Fear alone did not drive anti-Asian attacks during COVID, researchers say



By Ryan General
Anti-Asian racism during the COVID-19 pandemic was fueled more by anger than fear of infection, according to new research from Murdoch University in Australia. The study found that people who viewed Asians as responsible for the spread of the virus were more likely to support hostile or aggressive behavior toward them. Researchers said the findings help explain why discrimination during the pandemic frequently escalated beyond avoidance into harassment and violence.
Blame turned into hostility
Researchers led by psychologist Amy Lim examined whether anti-Asian discrimination during COVID-19 was driven more by disease avoidance or anger toward groups blamed for the pandemic. The study surveyed 170 white American adults and 99 participants recruited through an Australian university, measuring attitudes toward Asians alongside emotional responses tied to COVID-19.
Researchers said fear of illness may explain why people avoid groups perceived as contagious, but it does not explain why many anti-Asian incidents during the pandemic became openly confrontational. “From a disease-avoidance perspective, one might expect people to distance themselves from those they perceive as posing an infection risk,” Lim said. “However, this does not explain more confrontational or aggressive responses, which could increase exposure rather than reduce it.”
Participants who expressed higher levels of anger toward Asians were significantly more likely to support aggressive or exclusionary behavior, according to the study. In the U.S. sample, pathogen avoidance accounted for 5% of the variance in aggressive discrimination, while anger accounted for an additional 71.1% after researchers added it to the model. In the Australian sample, anger was positively correlated with aggressive discrimination, while pathogen avoidance showed no significant relationship to discriminatory behavior measured in the study.
Pandemic rhetoric fueled attacks
Anti-Asian harassment and violence rose sharply during the pandemic as Asians and Chinese communities became tied to the virus in political rhetoric and online discourse. Stop AAPI Hate received 10,905 reports of hate incidents against Asian American and Pacific Islander people in the U.S. between March 2020 and December 2021.
Verbal harassment accounted for 63% of reported incidents, while physical assaults made up 16.2%. Nearly half occurred in public spaces such as streets, parks and public transit.

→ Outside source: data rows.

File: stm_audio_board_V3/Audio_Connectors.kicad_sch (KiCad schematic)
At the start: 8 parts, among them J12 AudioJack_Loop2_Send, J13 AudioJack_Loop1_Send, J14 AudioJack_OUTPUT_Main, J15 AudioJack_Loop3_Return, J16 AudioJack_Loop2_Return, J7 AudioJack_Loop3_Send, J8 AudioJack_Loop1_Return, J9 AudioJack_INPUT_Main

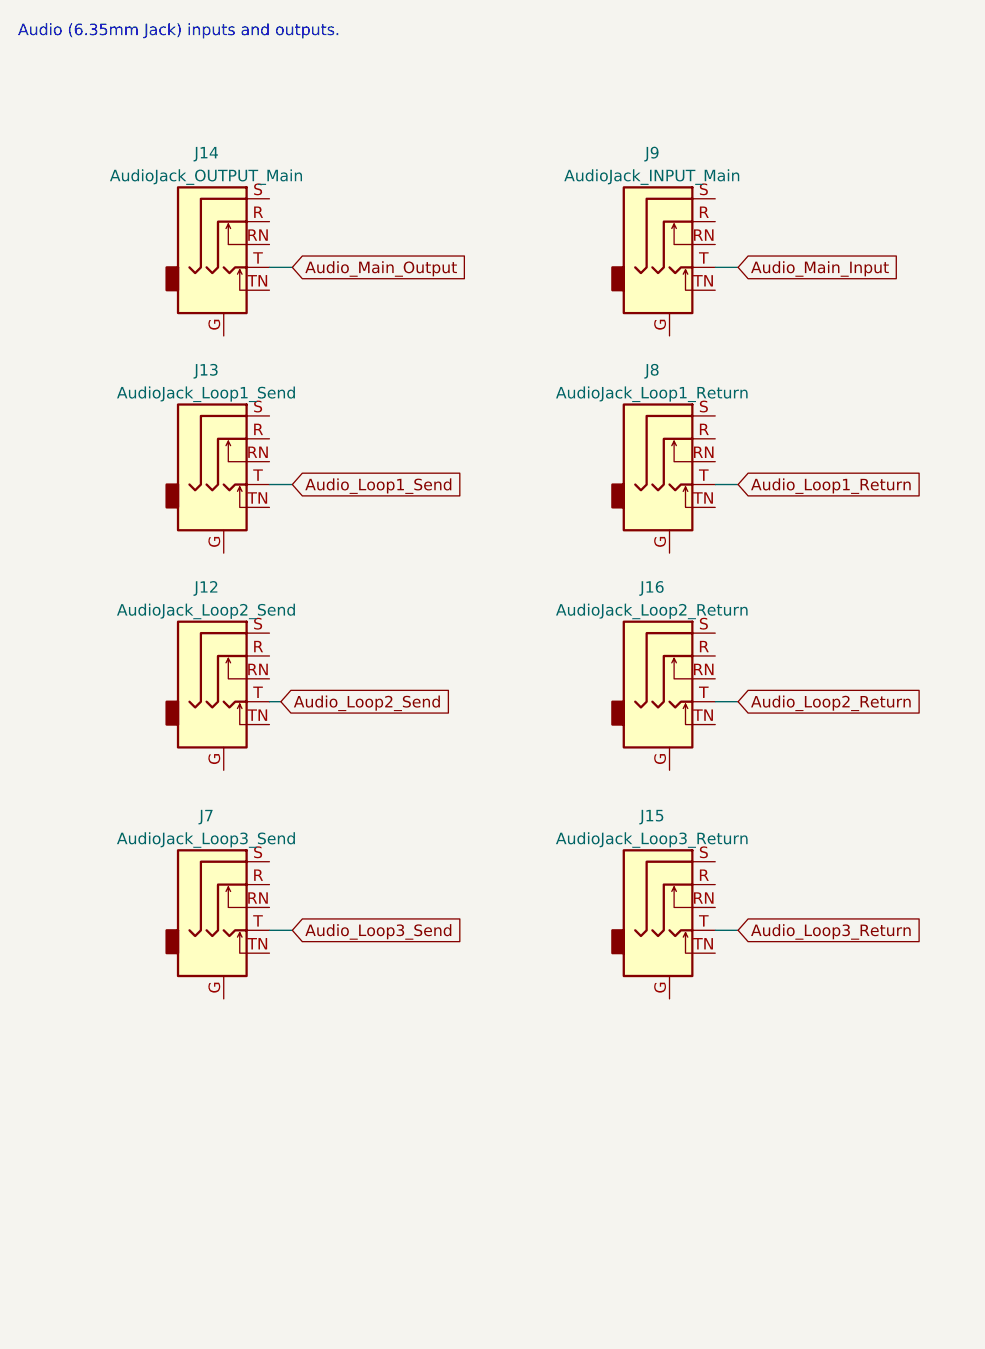
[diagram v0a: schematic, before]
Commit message: Reworked outline for enclosure
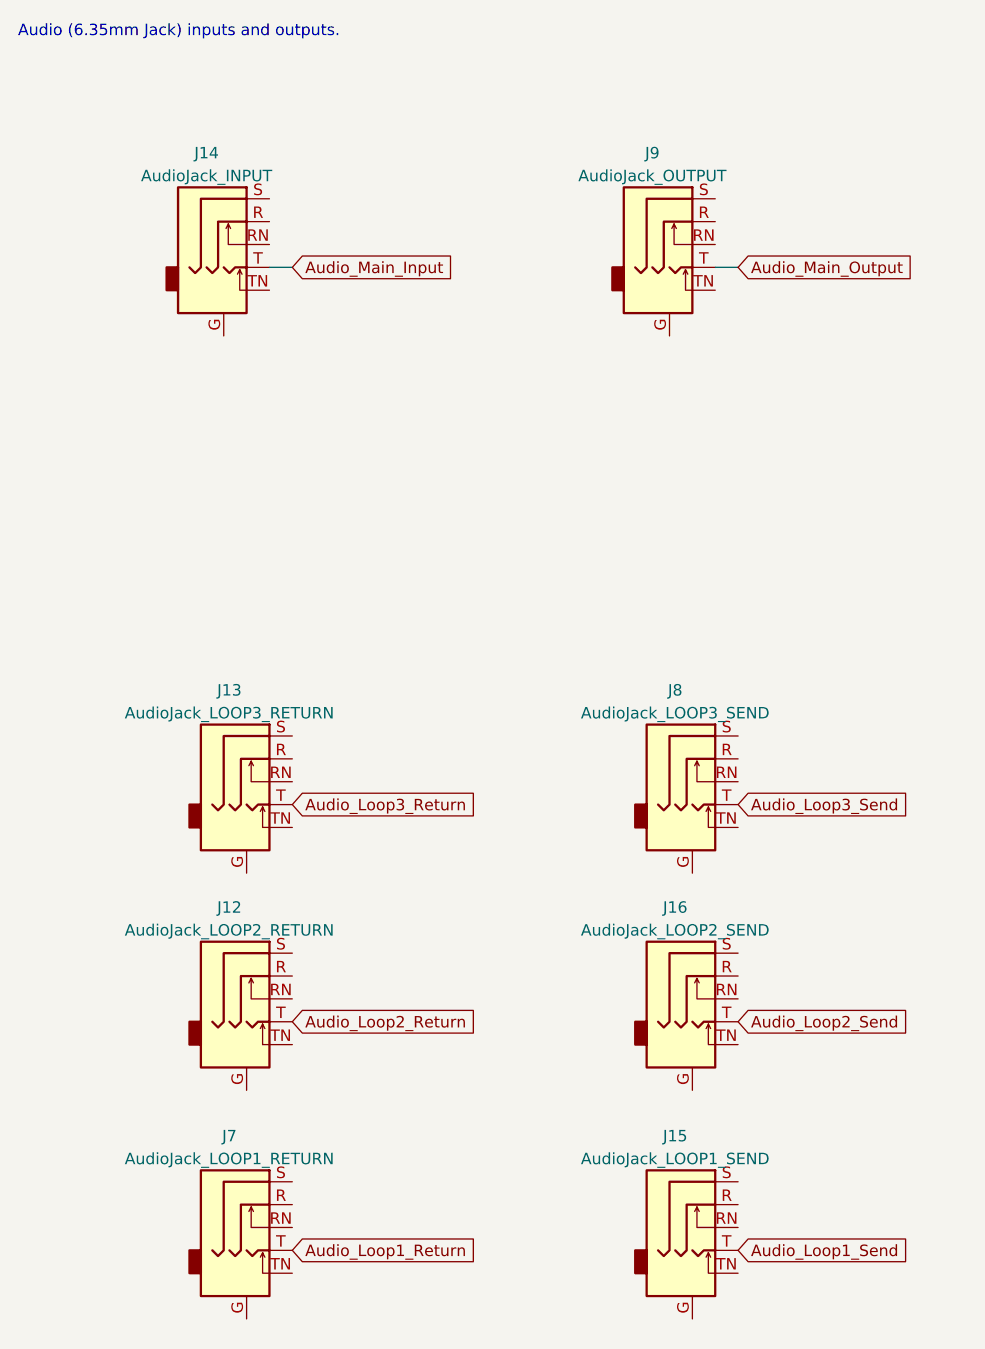
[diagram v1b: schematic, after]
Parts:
- J12: value AudioJack_Loop2_Send -> AudioJack_LOOP2_RETURN
- J13: value AudioJack_Loop1_Send -> AudioJack_LOOP3_RETURN
- J14: value AudioJack_OUTPUT_Main -> AudioJack_INPUT
- J15: value AudioJack_Loop3_Return -> AudioJack_LOOP1_SEND
- J16: value AudioJack_Loop2_Return -> AudioJack_LOOP2_SEND
- J7: value AudioJack_Loop3_Send -> AudioJack_LOOP1_RETURN
- J8: value AudioJack_Loop1_Return -> AudioJack_LOOP3_SEND
- J9: value AudioJack_INPUT_Main -> AudioJack_OUTPUT
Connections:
- net Audio_Loop1_Return: now also J7.T; no longer J8.T
- net Audio_Loop1_Send: now also J15.T; no longer J13.T
- net Audio_Loop2_Return: now also J12.T; no longer J16.T
- net Audio_Loop2_Send: now also J16.T; no longer J12.T
- net Audio_Loop3_Return: now also J13.T; no longer J15.T
- net Audio_Loop3_Send: now also J8.T; no longer J7.T
- net Audio_Main_Input: now also J14.T; no longer J9.T
- net Audio_Main_Output: now also J9.T; no longer J14.T
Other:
- moved on the sheet: J12, J13, J15, J16, J7, J8

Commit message: PCB design is finished
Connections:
- net GND: now reaches J14.TN
- net GND: now also J12.TN, J13.TN, J7.TN
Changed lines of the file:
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@@
+    )
+  )
+  (symbol (lib_id "power:GND") (at 45.72 45.72 0) (unit 1)
+    (in_bom yes) (on_board yes) (dnp no) (fields_autoplaced)
+    (property "Reference" "#PWR02" (at 45.72 52.07 0)
+      (effects (font (size 1.27 1.27)) hide)
+    )
+    (property "Value" "GND" (at 45.72 50.8 0)
+      (effects (font (size 1.27 1.27)))
+    )
+    (property "Footprint" "" (at 45.72 45.72 0)
+      (effects (font (size 1.27 1.27)) hide)
+    )
+    (property "Datasheet" "" (at 45.72 45.72 0)
+      (effects (font (size 1.27 1.27)) hide)
+    )
+    (pin "1")
+    (instances
+      (project "stm_audio_board_V3"
+        (path "/6997cf63-2615-4e49-9471-e7da1b6bae71"
+          (reference "#PWR02") (unit 1)
+        )
+        (path "/6997cf63-2615-4e49-9471-e7da1b6bae71/2eb2ee8f-ab98-4666-97f0-bfacb073bc88"
+          (reference "#PWR01") (unit 1)
+        )
+        (path "/6997cf63-2615-4e49-9471-e7da1b6bae71/f20dc640-ad21-4977-8df1-611625087c69"
+          (reference "#PWR013") (unit 1)
+        )
+        (path "/6997cf63-2615-4e49-9471-e7da1b6bae71/bf8ef258-4ec0-4b8f-b717-0a82eb791e29"
+          (reference "#PWR0249") (unit 1)
+        )
+      )
+    )
+  )
+  (symbol (lib_id "power:GND") (at 48.26 154.94 0) (unit 1)
+    (in_bom yes) (on_board yes) (dnp no) (fields_autoplaced)
+    (property "Reference" "#PWR02" (at 48.26 161.29 0)
+      (effects (font (size 1.27 1.27)) hide)
+    )
+    (property "Value" "GND" (at 48.26 160.02 0)
+      (effects (font (size 1.27 1.27)))
+    )
+    (property "Footprint" "" (at 48.26 154.94 0)
+      (effects (font (size 1.27 1.27)) hide)
+    )
+    (property "Datasheet" "" (at 48.26 154.94 0)
+      (effects (font (size 1.27 1.27)) hide)
+    )
+    (pin "1")
+    (instances
+      (project "stm_audio_board_V3"
+        (path "/6997cf63-2615-4e49-9471-e7da1b6bae71"
+          (reference "#PWR02") (unit 1)
+        )
+        (path "/6997cf63-2615-4e49-9471-e7da1b6bae71/2eb2ee8f-ab98-4666-97f0-bfacb073bc88"
+          (reference "#PWR01") (unit 1)
+        )
+        (path "/6997cf63-2615-4e49-9471-e7da1b6bae71/f20dc640-ad21-4977-8df1-611625087c69"
+          (reference "#PWR013") (unit 1)
+        )
+        (path "/6997cf63-2615-4e49-9471-e7da1b6bae71/bf8ef258-4ec0-4b8f-b717-0a82eb791e29"
+          (reference "#PWR0254") (unit 1)
+        )
+      )
     )
   )
@@
     )
   )
+  (symbol (lib_id "power:GND") (at 48.26 105.41 0) (unit 1)
+    (in_bom yes) (on_board yes) (dnp no) (fields_autoplaced)
+    (property "Reference" "#PWR02" (at 48.26 111.76 0)
+      (effects (font (size 1.27 1.27)) hide)
+    )
+    (property "Value" "GND" (at 48.26 110.49 0)
+      (effects (font (size 1.27 1.27)))
+    )
+    (property "Footprint" "" (at 48.26 105.41 0)
+      (effects (font (size 1.27 1.27)) hide)
+    )
+    (property "Datasheet" "" (at 48.26 105.41 0)
+      (effects (font (size 1.27 1.27)) hide)
+    )
+    (pin "1")
+    (instances
+      (project "stm_audio_board_V3"
+        (path "/6997cf63-2615-4e49-9471-e7da1b6bae71"
+          (reference "#PWR02") (unit 1)
+        )
+        (path "/6997cf63-2615-4e49-9471-e7da1b6bae71/2eb2ee8f-ab98-4666-97f0-bfacb073bc88"
+          (reference "#PWR01") (unit 1)
+        )
+        (path "/6997cf63-2615-4e49-9471-e7da1b6bae71/f20dc640-ad21-4977-8df1-611625087c69"
+          (reference "#PWR013") (unit 1)
+        )
+        (path "/6997cf63-2615-4e49-9471-e7da1b6bae71/bf8ef258-4ec0-4b8f-b717-0a82eb791e29"
+          (reference "#PWR0252") (unit 1)
+        )
+      )
+    )
+  )
   (symbol (lib_id "Connector_Audio:AudioJack3_Ground_SwitchTR") (at 90.17 38.1 0) (unit 1)
     (in_bom yes) (on_board yes) (dnp no) (fields_autoplaced)
@@
         )
       )
+    )
+  )
+  (symbol (lib_id "power:GND") (at 48.26 129.54 0) (unit 1)
+    (in_bom yes) (on_board yes) (dnp no) (fields_autoplaced)
+    (property "Reference" "#PWR02" (at 48.26 135.89 0)
+      (effects (font (size 1.27 1.27)) hide)
+    )
+    (property "Value" "GND" (at 48.26 134.62 0)
+      (effects (font (size 1.27 1.27)))
+    )
+    (property "Footprint" "" (at 48.26 129.54 0)
+      (effects (font (size 1.27 1.27)) hide)
+    )
+    (property "Datasheet" "" (at 48.26 129.54 0)
+      (effects (font (size 1.27 1.27)) hide)
+    )
+    (pin "1")
+    (instances
+      (project "stm_audio_board_V3"
+        (path "/6997cf63-2615-4e49-9471-e7da1b6bae71"
+          (reference "#PWR02") (unit 1)
+        )
+        (path "/6997cf63-2615-4e49-9471-e7da1b6bae71/2eb2ee8f-ab98-4666-97f0-bfacb073bc88"
+          (reference "#PWR01") (unit 1)
+        )
+        (path "/6997cf63-2615-4e49-9471-e7da1b6bae71/f20dc640-ad21-4977-8df1-611625087c69"
+          (reference "#PWR013") (unit 1)
+        )
+        (path "/6997cf63-2615-4e49-9471-e7da1b6bae71/bf8ef258-4ec0-4b8f-b717-0a82eb791e29"
+          (reference "#PWR0253") (unit 1)
+        )
+      )

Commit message: minor changes to components
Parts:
- J12, J13, J14, J15, J16, J7, J8, J9: LCSC Part (none) -> C309275
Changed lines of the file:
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@@
+      (effects (font (size 1.27 1.27)) hide)
+    )
+    (property "LCSC Part" "C309275" (at 92.71 147.32 0)
       (effects (font (size 1.27 1.27)) hide)
     )
@@
       (effects (font (size 1.27 1.27)) hide)
     )
+    (property "LCSC Part" "C309275" (at 92.71 97.79 0)
+      (effects (font (size 1.27 1.27)) hide)
+    )
     (pin "G")
     (pin "R")
@@
     )
     (property "Datasheet" "~" (at 40.64 38.1 0)
+      (effects (font (size 1.27 1.27)) hide)
+    )
+    (property "LCSC Part" "C309275" (at 40.64 38.1 0)
       (effects (font (size 1.27 1.27)) hide)
     )
@@
       (effects (font (size 1.27 1.27)) hide)
     )
+    (property "LCSC Part" "C309275" (at 43.18 121.92 0)
+      (effects (font (size 1.27 1.27)) hide)
+    )
     (pin "G")
     (pin "R")
@@
       (effects (font (size 1.27 1.27)) hide)
     )
+    (property "LCSC Part" "C309275" (at 90.17 38.1 0)
+      (effects (font (size 1.27 1.27)) hide)
+    )
     (pin "G")
     (pin "R")
@@
       (effects (font (size 1.27 1.27)) hide)
     )
+    (property "LCSC Part" "C309275" (at 92.71 121.92 0)
+      (effects (font (size 1.27 1.27)) hide)
+    )
     (pin "G")
     (pin "R")
@@
       (effects (font (size 1.27 1.27)) hide)
     )
+    (property "LCSC Part" "C309275" (at 43.18 97.79 0)
+      (effects (font (size 1.27 1.27)) hide)
+    )
     (pin "G")
     (pin "R")
@@
       (effects (font (size 1.27 1.27)) hide)
     )
+    (property "LCSC Part" "C309275" (at 43.18 147.32 0)
+      (effects (font (size 1.27 1.27)) hide)
+    )

Women submitted nearly two-thirds of all reports collected by the organization.
Researchers studying online behavior during the pandemic documented similar spikes in anti-Asian hate speech after phrases such as “Chinese virus” and “kung flu” entered mainstream political rhetoric. One large-scale study found local COVID-19 diagnoses were associated with increases in racist Google searches and anti-Asian Twitter posts, with stronger effects on days when President Donald Trump linked China to the virus in social media posts.
Organizations such as The Asian American Foundation (TAAF) responded to concerns over escalating rhetoric by launching the Anti-Hate Rapid Response Toolkit, a digital resource offering safety guidance, reporting information and community response tools for Asian American communities. TAAF also collaborated with Stop AAPI Hate on developing the “Documenting Anti-AAPI Hate Codebook,” which standardized how anti-Asian hate incidents are identified and recorded.